The BinEgo-360 Challenge is a competitive and methodological framework designed to advance algorithmic solutions for robust and efficient understanding of 360-degree egocentric visual data. It targets key problems in monocular dense depth estimation, temporal action localization, 360º object reconstruction, and related 3D scene representation tasks, often under constraints of limited views and rapid real-world deployment. The challenge emphasizes transparent benchmarking using equirectangular (ERP) or spherical camera data, with an explicit focus on passive, single-sensor processing and generalization beyond category labels.

1. Dense 360º Depth Estimation: The OmniFusion Paradigm

Accurate monocular depth estimation from 360º images is challenged by severe spherical distortions and the discrepancy between predictions from local perspective views and the global equirectangular domain. The OmniFusion pipeline provides a reference architecture for addressing this, decomposing a single ERP RGB image into $N$ overlapping tangent-plane perspective patches via closed-form gnomonic projection. Each patch is processed by a standard CNN encoder-decoder to produce local depth and confidence maps, which are reprojected and merged into a unified ERP depth map via confidence-weighted averaging.

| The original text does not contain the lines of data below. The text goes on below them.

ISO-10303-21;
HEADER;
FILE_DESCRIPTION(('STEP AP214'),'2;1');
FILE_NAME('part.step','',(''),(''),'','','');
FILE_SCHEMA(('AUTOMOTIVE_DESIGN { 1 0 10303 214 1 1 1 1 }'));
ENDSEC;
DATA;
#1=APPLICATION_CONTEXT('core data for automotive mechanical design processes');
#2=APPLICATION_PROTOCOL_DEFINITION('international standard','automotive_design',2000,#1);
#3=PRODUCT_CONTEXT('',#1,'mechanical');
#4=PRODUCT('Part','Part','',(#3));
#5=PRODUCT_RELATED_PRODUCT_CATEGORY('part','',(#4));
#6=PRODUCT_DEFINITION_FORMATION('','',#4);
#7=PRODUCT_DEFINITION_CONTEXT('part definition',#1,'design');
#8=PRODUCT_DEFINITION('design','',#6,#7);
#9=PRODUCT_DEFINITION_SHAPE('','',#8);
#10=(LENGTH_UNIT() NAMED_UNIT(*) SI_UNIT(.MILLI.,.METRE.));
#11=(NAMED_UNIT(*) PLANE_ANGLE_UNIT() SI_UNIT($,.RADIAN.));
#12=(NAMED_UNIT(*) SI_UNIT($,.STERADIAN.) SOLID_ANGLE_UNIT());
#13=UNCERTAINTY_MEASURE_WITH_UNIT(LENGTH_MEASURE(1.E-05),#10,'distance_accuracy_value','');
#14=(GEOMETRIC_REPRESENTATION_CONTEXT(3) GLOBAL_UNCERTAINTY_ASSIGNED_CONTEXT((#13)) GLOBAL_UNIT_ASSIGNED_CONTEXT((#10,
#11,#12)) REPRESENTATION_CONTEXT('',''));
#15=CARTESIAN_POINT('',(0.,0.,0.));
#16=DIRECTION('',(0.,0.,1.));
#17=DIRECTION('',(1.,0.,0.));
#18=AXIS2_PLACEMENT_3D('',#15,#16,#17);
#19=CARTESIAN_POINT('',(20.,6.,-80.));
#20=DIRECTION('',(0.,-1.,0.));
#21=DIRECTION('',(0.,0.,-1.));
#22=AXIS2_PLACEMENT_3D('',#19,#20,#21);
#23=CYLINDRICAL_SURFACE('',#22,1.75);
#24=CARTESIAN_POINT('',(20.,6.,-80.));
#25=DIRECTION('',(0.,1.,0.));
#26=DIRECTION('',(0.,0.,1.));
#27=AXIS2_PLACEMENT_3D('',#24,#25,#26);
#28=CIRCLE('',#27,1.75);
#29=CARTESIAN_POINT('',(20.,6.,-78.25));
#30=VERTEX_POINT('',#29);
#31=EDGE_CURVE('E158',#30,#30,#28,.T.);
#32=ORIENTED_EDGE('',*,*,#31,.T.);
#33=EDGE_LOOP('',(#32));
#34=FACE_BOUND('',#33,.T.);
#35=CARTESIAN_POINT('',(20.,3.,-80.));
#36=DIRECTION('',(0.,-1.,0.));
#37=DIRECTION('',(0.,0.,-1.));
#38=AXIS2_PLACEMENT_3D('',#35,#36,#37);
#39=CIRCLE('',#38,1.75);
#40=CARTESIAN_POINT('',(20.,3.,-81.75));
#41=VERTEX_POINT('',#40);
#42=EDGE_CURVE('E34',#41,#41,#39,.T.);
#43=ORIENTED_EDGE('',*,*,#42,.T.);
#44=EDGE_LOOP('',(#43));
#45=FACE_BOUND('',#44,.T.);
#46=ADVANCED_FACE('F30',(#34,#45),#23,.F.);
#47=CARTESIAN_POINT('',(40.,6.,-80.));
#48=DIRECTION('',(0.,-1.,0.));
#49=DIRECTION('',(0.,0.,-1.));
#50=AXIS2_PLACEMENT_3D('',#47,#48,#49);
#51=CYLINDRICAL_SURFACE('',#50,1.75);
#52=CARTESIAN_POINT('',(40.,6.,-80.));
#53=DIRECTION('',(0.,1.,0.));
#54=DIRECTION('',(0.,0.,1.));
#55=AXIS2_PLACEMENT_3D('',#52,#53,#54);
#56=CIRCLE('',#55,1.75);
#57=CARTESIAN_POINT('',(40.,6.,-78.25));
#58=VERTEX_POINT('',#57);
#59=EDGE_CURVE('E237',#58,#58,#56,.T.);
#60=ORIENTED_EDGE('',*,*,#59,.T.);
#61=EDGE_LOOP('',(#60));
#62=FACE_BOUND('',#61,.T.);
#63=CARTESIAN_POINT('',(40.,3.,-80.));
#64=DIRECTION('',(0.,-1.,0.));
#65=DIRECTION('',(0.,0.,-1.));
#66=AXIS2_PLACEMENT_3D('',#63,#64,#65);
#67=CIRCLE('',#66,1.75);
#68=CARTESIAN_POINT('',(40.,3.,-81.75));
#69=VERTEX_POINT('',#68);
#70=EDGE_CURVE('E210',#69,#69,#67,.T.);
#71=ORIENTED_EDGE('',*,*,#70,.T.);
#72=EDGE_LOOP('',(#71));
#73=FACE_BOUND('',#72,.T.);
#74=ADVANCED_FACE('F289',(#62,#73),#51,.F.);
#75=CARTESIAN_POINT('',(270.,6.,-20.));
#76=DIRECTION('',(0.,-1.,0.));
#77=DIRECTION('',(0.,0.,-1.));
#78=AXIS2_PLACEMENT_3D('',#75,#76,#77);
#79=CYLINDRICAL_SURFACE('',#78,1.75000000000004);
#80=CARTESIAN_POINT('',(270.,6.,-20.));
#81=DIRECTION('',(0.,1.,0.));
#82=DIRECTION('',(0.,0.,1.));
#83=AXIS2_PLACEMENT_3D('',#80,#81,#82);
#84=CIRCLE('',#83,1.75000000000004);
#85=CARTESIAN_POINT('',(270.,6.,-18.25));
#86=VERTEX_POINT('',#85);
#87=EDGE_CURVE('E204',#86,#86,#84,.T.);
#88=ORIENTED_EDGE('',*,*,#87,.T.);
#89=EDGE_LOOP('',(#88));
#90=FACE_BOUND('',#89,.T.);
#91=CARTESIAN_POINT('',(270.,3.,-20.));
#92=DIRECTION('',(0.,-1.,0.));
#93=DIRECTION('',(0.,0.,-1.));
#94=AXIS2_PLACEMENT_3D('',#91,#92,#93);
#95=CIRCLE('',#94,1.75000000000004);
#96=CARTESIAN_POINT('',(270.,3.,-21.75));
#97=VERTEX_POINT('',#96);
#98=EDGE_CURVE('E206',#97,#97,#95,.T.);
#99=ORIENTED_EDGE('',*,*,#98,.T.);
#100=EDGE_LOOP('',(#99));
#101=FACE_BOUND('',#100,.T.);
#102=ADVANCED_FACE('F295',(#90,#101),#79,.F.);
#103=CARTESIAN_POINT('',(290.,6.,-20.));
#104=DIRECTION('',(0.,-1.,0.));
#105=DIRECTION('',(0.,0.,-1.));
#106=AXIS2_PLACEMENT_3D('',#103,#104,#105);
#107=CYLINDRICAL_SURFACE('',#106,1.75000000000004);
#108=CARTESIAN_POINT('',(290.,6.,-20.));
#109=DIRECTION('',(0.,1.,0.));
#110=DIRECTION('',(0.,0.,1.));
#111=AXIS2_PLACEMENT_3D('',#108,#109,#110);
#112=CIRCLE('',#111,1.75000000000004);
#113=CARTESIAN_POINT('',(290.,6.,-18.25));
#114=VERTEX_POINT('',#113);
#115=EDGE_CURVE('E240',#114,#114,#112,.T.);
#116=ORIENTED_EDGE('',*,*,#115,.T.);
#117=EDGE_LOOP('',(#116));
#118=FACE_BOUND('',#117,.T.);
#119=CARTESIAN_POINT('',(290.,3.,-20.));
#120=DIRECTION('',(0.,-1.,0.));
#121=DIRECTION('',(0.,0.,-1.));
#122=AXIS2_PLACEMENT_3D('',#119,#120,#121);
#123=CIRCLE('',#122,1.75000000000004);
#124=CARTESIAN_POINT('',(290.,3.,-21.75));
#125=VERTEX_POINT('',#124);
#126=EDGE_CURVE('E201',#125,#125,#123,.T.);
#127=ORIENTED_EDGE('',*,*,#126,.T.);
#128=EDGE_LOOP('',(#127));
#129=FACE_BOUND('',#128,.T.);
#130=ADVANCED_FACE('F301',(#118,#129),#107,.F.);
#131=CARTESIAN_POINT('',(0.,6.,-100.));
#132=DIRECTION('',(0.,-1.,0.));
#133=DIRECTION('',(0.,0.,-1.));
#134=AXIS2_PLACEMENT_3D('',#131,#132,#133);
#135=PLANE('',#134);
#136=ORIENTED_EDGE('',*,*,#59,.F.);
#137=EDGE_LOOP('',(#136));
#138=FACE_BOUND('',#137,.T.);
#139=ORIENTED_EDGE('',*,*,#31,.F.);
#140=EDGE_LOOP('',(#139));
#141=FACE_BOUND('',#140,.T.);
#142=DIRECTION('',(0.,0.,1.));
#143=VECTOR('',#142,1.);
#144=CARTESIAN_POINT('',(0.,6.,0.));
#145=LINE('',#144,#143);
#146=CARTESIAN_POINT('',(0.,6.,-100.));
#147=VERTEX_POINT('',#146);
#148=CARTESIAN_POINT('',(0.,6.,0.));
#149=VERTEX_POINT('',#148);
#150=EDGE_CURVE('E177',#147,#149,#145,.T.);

OmniFusion incorporates geometry-aware feature fusion by embedding each pixel’s true 3D spherical location and tangent-center attributes via an MLP $G(\cdot):(\lambda,\phi,\rho,\lambda_c,\phi_c)\to\mathbb{R}^{64}$ , where $\lambda,\phi$ are longitude/latitude, $\rho$ is radius (initialized to 1), and $\lambda_c,\phi_c$ are patch center angles. This geometric vector is summed with the 2D image feature channel at each early encoder stage, enabling the model to correct patch-wise discrepancies due to varying viewpoint geometry.

A self-attention transformer operating on patch-wise tokens then enforces global, geometry-consistent feature integration, further promoting consistency across overlapping patch predictions. Iterative depth refinement is implemented: after an initial ERP depth output, the geometric embedding is reparameterized with estimated depth ( $\rho\leftarrow\hat D_e$ ) and the pipeline is rerun, yielding a refined depth map. This two-pass strategy yields an additional performance gain.

Quantitatively, OmniFusion achieves state-of-the-art results on the Stanford2D3D, Matterport3D, and 360D datasets, e.g., Abs Rel 0.0950 and RMSE 0.3474 on Stanford2D3D, surpassing BiFuse and UniFuse in all core metrics. Ablation studies confirm the critical impact of geometry fusion, transformer aggregation, and the iterative scheme for optimal monocular ERP depth prediction (Li et al., 2022).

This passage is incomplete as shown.